INSTRUCTIONS TO FOLLOW:
Below are some records. Output the lines from the first one through the line that holds "each defined once", exactly as written, with no pictures.

RAW DATA:
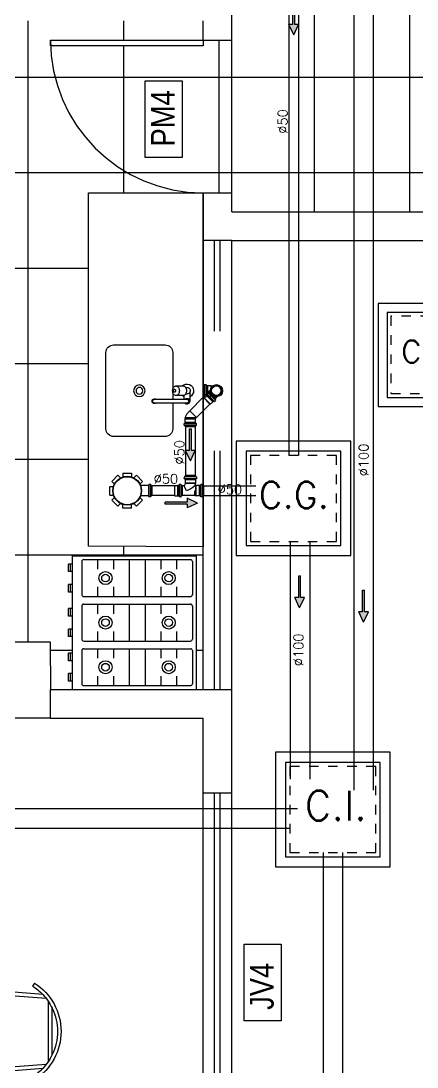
# Model space of a CAD drawing. Header units: millimetres. Extents: x 3923 to 4007, y 744 to 982.
# Drawn here: x 3974.6 to 3978.76, y 832.34 to 843.3 of the extents above; entities that cross this region are included whole.
import ezdxf
from ezdxf.enums import TextEntityAlignment as Align

# ---------------------------------------------------------------- set-up
doc = ezdxf.new("R2010")
doc.units = ezdxf.units.MM
doc.header["$LTSCALE"] = 20
for name, pattern in [('CONTINU', [0]), ('HIDDEN', [0.375, 0.25, -0.125]), ('HIDDEN2', [0.1875, 0.125, -0.0625])]:
    doc.linetypes.add(name, pattern=pattern)
for name, color, linetype in [('a-pem-m', 6, 'Continuous'), ('AF', 5, 'Continuous'), ('HIDROGRAFIA', 4, 'Continuous'), ('HIDROSSANITÁRIO', 8, 'Continuous'), ('Texto-Tubos', 7, 'Continuous'), ('TigreCad', 3, 'Continuous'), ('Tinterno', 9, 'Continuous')]:
    doc.layers.add(name, color=color, linetype=linetype)
doc.styles.add('F2', font='ARIALN.TTF')
doc.styles.add('R80', font='simplex.shx', dxfattribs={"height": 12})
doc.styles.add('TCTUBOS-TXT', font='txt.shx')
pattern_1 = [(180, (4034.6798, -2297.2923), (-3e-16, -1), []), (270, (4034.6798, -2297.2923), (1, -3e-16), [])]

# ---------------------------------------------------------------- blocks, each defined once
blk = doc.blocks.new('Fogão03_6')
at = {"layer": 'a-pem-m', "color": 8}
for p, q in [((-0.35, -0.65), (-0.35, 0)), ((-0.35, 0), (0.35, 0)), ((-0.35, 0), (0.35, 0)), ((-0.35, -0.65), (-0.35, 0)), ((-0.33, -0.59), (-0.33, -0.03)), ((-0.33, -0.59), (-0.33, -0.03)), ((-0.32, -0.02), (-0.1467, -0.02)), ((-0.32, -0.02), (-0.1467, -0.02)), ((-0.1367, -0.59), (-0.1367, -0.03)), ((-0.1367, -0.59), (-0.1367, -0.03)), ((-0.0967, -0.59), (-0.0967, -0.03)), ((-0.0967, -0.59), (-0.0967, -0.03)), ((-0.0867, -0.02), (0.0867, -0.02)), ((-0.0867, -0.02), (0.0867, -0.02)), ((0.0967, -0.59), (0.0967, -0.03)), ((0.0967, -0.59), (0.0967, -0.03)), ((0.1367, -0.59), (0.1367, -0.03)), ((0.1367, -0.59), (0.1367, -0.03)), ((0.1467, -0.02), (0.32, -0.02)), ((0.1467, -0.02), (0.32, -0.02)), ((0.33, -0.59), (0.33, -0.03)), ((0.33, -0.59), (0.33, -0.03)), ((0.35, -0.65), (0.35, 0)), ((0.35, -0.65), (0.35, 0)), ((-0.33, -0.1029), (-0.28, -0.1029)), ((-0.33, -0.1029), (-0.28, -0.1029)), ((-0.1867, -0.1029), (-0.1367, -0.1029)), ((-0.1867, -0.1029), (-0.1367, -0.1029)), ((-0.0967, -0.1029), (-0.0467, -0.1029)), ((-0.0967, -0.1029), (-0.0467, -0.1029)), ((0.0467, -0.1029), (0.0967, -0.1029)), ((0.0467, -0.1029), (0.0967, -0.1029)), ((0.1367, -0.1029), (0.1867, -0.1029)), ((0.1367, -0.1029), (0.1867, -0.1029)), ((0.28, -0.1029), (0.33, -0.1029)), ((0.28, -0.1029), (0.33, -0.1029)), ((-0.33, -0.1857), (-0.28, -0.1857)), ((-0.33, -0.1857), (-0.28, -0.1857)), ((-0.1867, -0.1857), (-0.1367, -0.1857)), ((-0.1867, -0.1857), (-0.1367, -0.1857)), ((-0.0967, -0.1857), (-0.0467, -0.1857)), ((-0.0967, -0.1857), (-0.0467, -0.1857)), ((0.0467, -0.1857), (0.0967, -0.1857)), ((0.0467, -0.1857), (0.0967, -0.1857)), ((0.1367, -0.1857), (0.1867, -0.1857)), ((0.1367, -0.1857), (0.1867, -0.1857)), ((0.28, -0.1857), (0.33, -0.1857)), ((0.28, -0.1857), (0.33, -0.1857)), ((-0.33, -0.2686), (-0.1367, -0.2686)), ((-0.33, -0.2686), (-0.1367, -0.2686)), ((-0.0967, -0.2686), (0.0967, -0.2686)), ((-0.0967, -0.2686), (0.0967, -0.2686)), ((0.1367, -0.2686), (0.33, -0.2686)), ((0.1367, -0.2686), (0.33, -0.2686)), ((-0.33, -0.3514), (-0.1367, -0.3514)), ((-0.33, -0.3514), (-0.1367, -0.3514)), ((-0.0967, -0.3514), (0.0967, -0.3514)), ((-0.0967, -0.3514), (0.0967, -0.3514)), ((0.1367, -0.3514), (0.33, -0.3514)), ((0.1367, -0.3514), (0.33, -0.3514)), ((-0.33, -0.4343), (-0.28, -0.4343)), ((-0.33, -0.4343), (-0.28, -0.4343)), ((-0.1867, -0.4343), (-0.1367, -0.4343)), ((-0.1867, -0.4343), (-0.1367, -0.4343)), ((-0.0967, -0.4343), (-0.0467, -0.4343)), ((-0.0967, -0.4343), (-0.0467, -0.4343)), ((0.0467, -0.4343), (0.0967, -0.4343)), ((0.0467, -0.4343), (0.0967, -0.4343)), ((0.1367, -0.4343), (0.1867, -0.4343)), ((0.1367, -0.4343), (0.1867, -0.4343)), ((0.28, -0.4343), (0.33, -0.4343)), ((0.28, -0.4343), (0.33, -0.4343)), ((-0.33, -0.5171), (-0.28, -0.5171)), ((-0.33, -0.5171), (-0.28, -0.5171)), ((-0.1867, -0.5171), (-0.1367, -0.5171)), ((-0.1867, -0.5171), (-0.1367, -0.5171)), ((-0.0967, -0.5171), (-0.0467, -0.5171)), ((-0.0967, -0.5171), (-0.0467, -0.5171)), ((0.0467, -0.5171), (0.0967, -0.5171)), ((0.0467, -0.5171), (0.0967, -0.5171)), ((0.1367, -0.5171), (0.1867, -0.5171)), ((0.1367, -0.5171), (0.1867, -0.5171)), ((0.28, -0.5171), (0.33, -0.5171)), ((0.28, -0.5171), (0.33, -0.5171)), ((-0.32, -0.6), (-0.1467, -0.6)), ((-0.32, -0.6), (-0.1467, -0.6)), ((-0.0867, -0.6), (0.0867, -0.6)), ((-0.0867, -0.6), (0.0867, -0.6)), ((0.1467, -0.6), (0.32, -0.6)), ((0.1467, -0.6), (0.32, -0.6)), ((-0.35, -0.65), (0.35, -0.65)), ((-0.35, -0.65), (0.35, -0.65)), ((-0.3068, -0.65), (-0.3068, -0.67)), ((-0.3068, -0.65), (-0.3068, -0.67)), ((-0.2669, -0.65), (-0.2669, -0.67)), ((-0.2669, -0.65), (-0.2669, -0.67)), ((-0.1998, -0.65), (-0.1998, -0.67)), ((-0.1998, -0.65), (-0.1998, -0.67)), ((-0.1599, -0.65), (-0.1599, -0.67)), ((-0.1599, -0.65), (-0.1599, -0.67)), ((-0.0734, -0.65), (-0.0734, -0.67)), ((-0.0734, -0.65), (-0.0734, -0.67)), ((-0.0335, -0.65), (-0.0335, -0.67)), ((-0.0335, -0.65), (-0.0335, -0.67)), ((0.0335, -0.65), (0.0335, -0.67)), ((0.0335, -0.65), (0.0335, -0.67)), ((0.0734, -0.65), (0.0734, -0.67)), ((0.0734, -0.65), (0.0734, -0.67)), ((0.1599, -0.65), (0.1599, -0.67)), ((0.1599, -0.65), (0.1599, -0.67)), ((0.1998, -0.65), (0.1998, -0.67)), ((0.1998, -0.65), (0.1998, -0.67)), ((0.2669, -0.65), (0.2669, -0.67)), ((0.2669, -0.65), (0.2669, -0.67)), ((0.3067, -0.65), (0.3067, -0.67)), ((0.3067, -0.65), (0.3067, -0.67)), ((-0.2669, -0.66), (-0.3068, -0.66)), ((-0.2669, -0.66), (-0.3068, -0.66)), ((-0.2669, -0.67), (-0.3068, -0.67)), ((-0.2669, -0.67), (-0.3068, -0.67)), ((-0.1599, -0.66), (-0.1998, -0.66)), ((-0.1599, -0.66), (-0.1998, -0.66)), ((-0.1599, -0.67), (-0.1998, -0.67)), ((-0.1599, -0.67), (-0.1998, -0.67)), ((-0.0335, -0.66), (-0.0734, -0.66)), ((-0.0335, -0.66), (-0.0734, -0.66)), ((-0.0335, -0.67), (-0.0734, -0.67)), ((-0.0335, -0.67), (-0.0734, -0.67)), ((0.0734, -0.66), (0.0335, -0.66)), ((0.0734, -0.66), (0.0335, -0.66)), ((0.0734, -0.67), (0.0335, -0.67)), ((0.0734, -0.67), (0.0335, -0.67)), ((0.1998, -0.66), (0.1599, -0.66)), ((0.1998, -0.66), (0.1599, -0.66)), ((0.1998, -0.67), (0.1599, -0.67)), ((0.1998, -0.67), (0.1599, -0.67)), ((0.3067, -0.66), (0.2669, -0.66)), ((0.3067, -0.66), (0.2669, -0.66)), ((0.3067, -0.67), (0.2669, -0.67)), ((0.3067, -0.67), (0.2669, -0.67))]:
    blk.add_line(p, q, dxfattribs=at)
for centre, radius in [((-0.2333, -0.1443), 0.0341), ((-0.2333, -0.1443), 0.0341), ((-0.2333, -0.1443), 0.02), ((-0.2333, -0.1443), 0.02), ((0, -0.1443), 0.0341), ((0, -0.1443), 0.0341), ((0, -0.1443), 0.02), ((0, -0.1443), 0.02), ((0.2333, -0.1443), 0.0341), ((0.2333, -0.1443), 0.0341), ((0.2333, -0.1443), 0.02), ((0.2333, -0.1443), 0.02), ((-0.2333, -0.4757), 0.0341), ((-0.2333, -0.4757), 0.0341), ((-0.2333, -0.4757), 0.02), ((-0.2333, -0.4757), 0.02), ((0, -0.4757), 0.0341), ((0, -0.4757), 0.0341), ((0, -0.4757), 0.02), ((0, -0.4757), 0.02), ((0.2333, -0.4757), 0.0341), ((0.2333, -0.4757), 0.0341), ((0.2333, -0.4757), 0.02), ((0.2333, -0.4757), 0.02)]:
    blk.add_circle(centre, radius, dxfattribs=at)
for centre, start, end in [((-0.32, -0.03), 89.9995, 179.9996), ((-0.32, -0.03), 89.9995, 179.9996), ((-0.1467, -0.03), 359.9996, 89.9995), ((-0.1467, -0.03), 359.9996, 89.9995), ((-0.0867, -0.03), 89.9995, 179.9996), ((-0.0867, -0.03), 89.9995, 179.9996), ((0.0867, -0.03), 359.9996, 89.9995), ((0.0867, -0.03), 359.9996, 89.9995), ((0.1467, -0.03), 89.9995, 179.9996), ((0.1467, -0.03), 89.9995, 179.9996), ((0.32, -0.03), 359.9996, 89.9995), ((0.32, -0.03), 359.9996, 89.9995), ((-0.32, -0.59), 179.9996, 269.9995), ((-0.32, -0.59), 179.9996, 269.9995), ((-0.1467, -0.59), 269.9995, 359.9996), ((-0.1467, -0.59), 269.9995, 359.9996), ((-0.0867, -0.59), 179.9996, 269.9995), ((-0.0867, -0.59), 179.9996, 269.9995), ((0.0867, -0.59), 269.9995, 359.9996), ((0.0867, -0.59), 269.9995, 359.9996), ((0.1467, -0.59), 179.9996, 269.9995), ((0.1467, -0.59), 179.9996, 269.9995), ((0.32, -0.59), 269.9995, 359.9996), ((0.32, -0.59), 269.9995, 359.9996)]:
    blk.add_arc(centre, 0.01, start, end, dxfattribs=at)
blk = doc.blocks.new('Cuba coz')
at = {"color": 8}
blk.add_line((7.5, -4.5), (7.5, -2.41), dxfattribs=at)
for points in [[(13.41, -6.5), (13.41, -20, 0.414214), (17.41, -24), (44.41, -24, 0.414214), (48.41, -20), (48.41, 20, 0.414214), (44.41, 24), (17.41, 24, 0.414214), (13.41, 20), (13.41, 0.74)], [(6.7, 1.75), (6, 1.75, 0.546464), (4.41, -0.73, -0.10784), (4.5, -1.15), (4.5, -5.5)], [(11.72, 2.5), (7.96, 2.5, 0.133256), (7.32, 2.33, 0.106756), (6.71, 1.77, 0.082828), (6.34, 0.99, 0.071352), (6.19, 0, 0.071352), (6.34, -0.99, 0.082828), (6.71, -1.77, 0.106756), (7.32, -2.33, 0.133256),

RESPONSE BOX:
# Model space of a CAD drawing. Header units: millimetres. Extents: x 3923 to 4007, y 744 to 982.
# Drawn here: x 3974.6 to 3978.76, y 832.34 to 843.3 of the extents above; entities that cross this region are included whole.
import ezdxf
from ezdxf.enums import TextEntityAlignment as Align

# ---------------------------------------------------------------- set-up
doc = ezdxf.new("R2010")
doc.units = ezdxf.units.MM
doc.header["$LTSCALE"] = 20
for name, pattern in [('CONTINU', [0]), ('HIDDEN', [0.375, 0.25, -0.125]), ('HIDDEN2', [0.1875, 0.125, -0.0625])]:
    doc.linetypes.add(name, pattern=pattern)
for name, color, linetype in [('a-pem-m', 6, 'Continuous'), ('AF', 5, 'Continuous'), ('HIDROGRAFIA', 4, 'Continuous'), ('HIDROSSANITÁRIO', 8, 'Continuous'), ('Texto-Tubos', 7, 'Continuous'), ('TigreCad', 3, 'Continuous'), ('Tinterno', 9, 'Continuous')]:
    doc.layers.add(name, color=color, linetype=linetype)
doc.styles.add('F2', font='ARIALN.TTF')
doc.styles.add('R80', font='simplex.shx', dxfattribs={"height": 12})
doc.styles.add('TCTUBOS-TXT', font='txt.shx')
pattern_1 = [(180, (4034.6798, -2297.2923), (-3e-16, -1), []), (270, (4034.6798, -2297.2923), (1, -3e-16), [])]

# ---------------------------------------------------------------- blocks, each defined once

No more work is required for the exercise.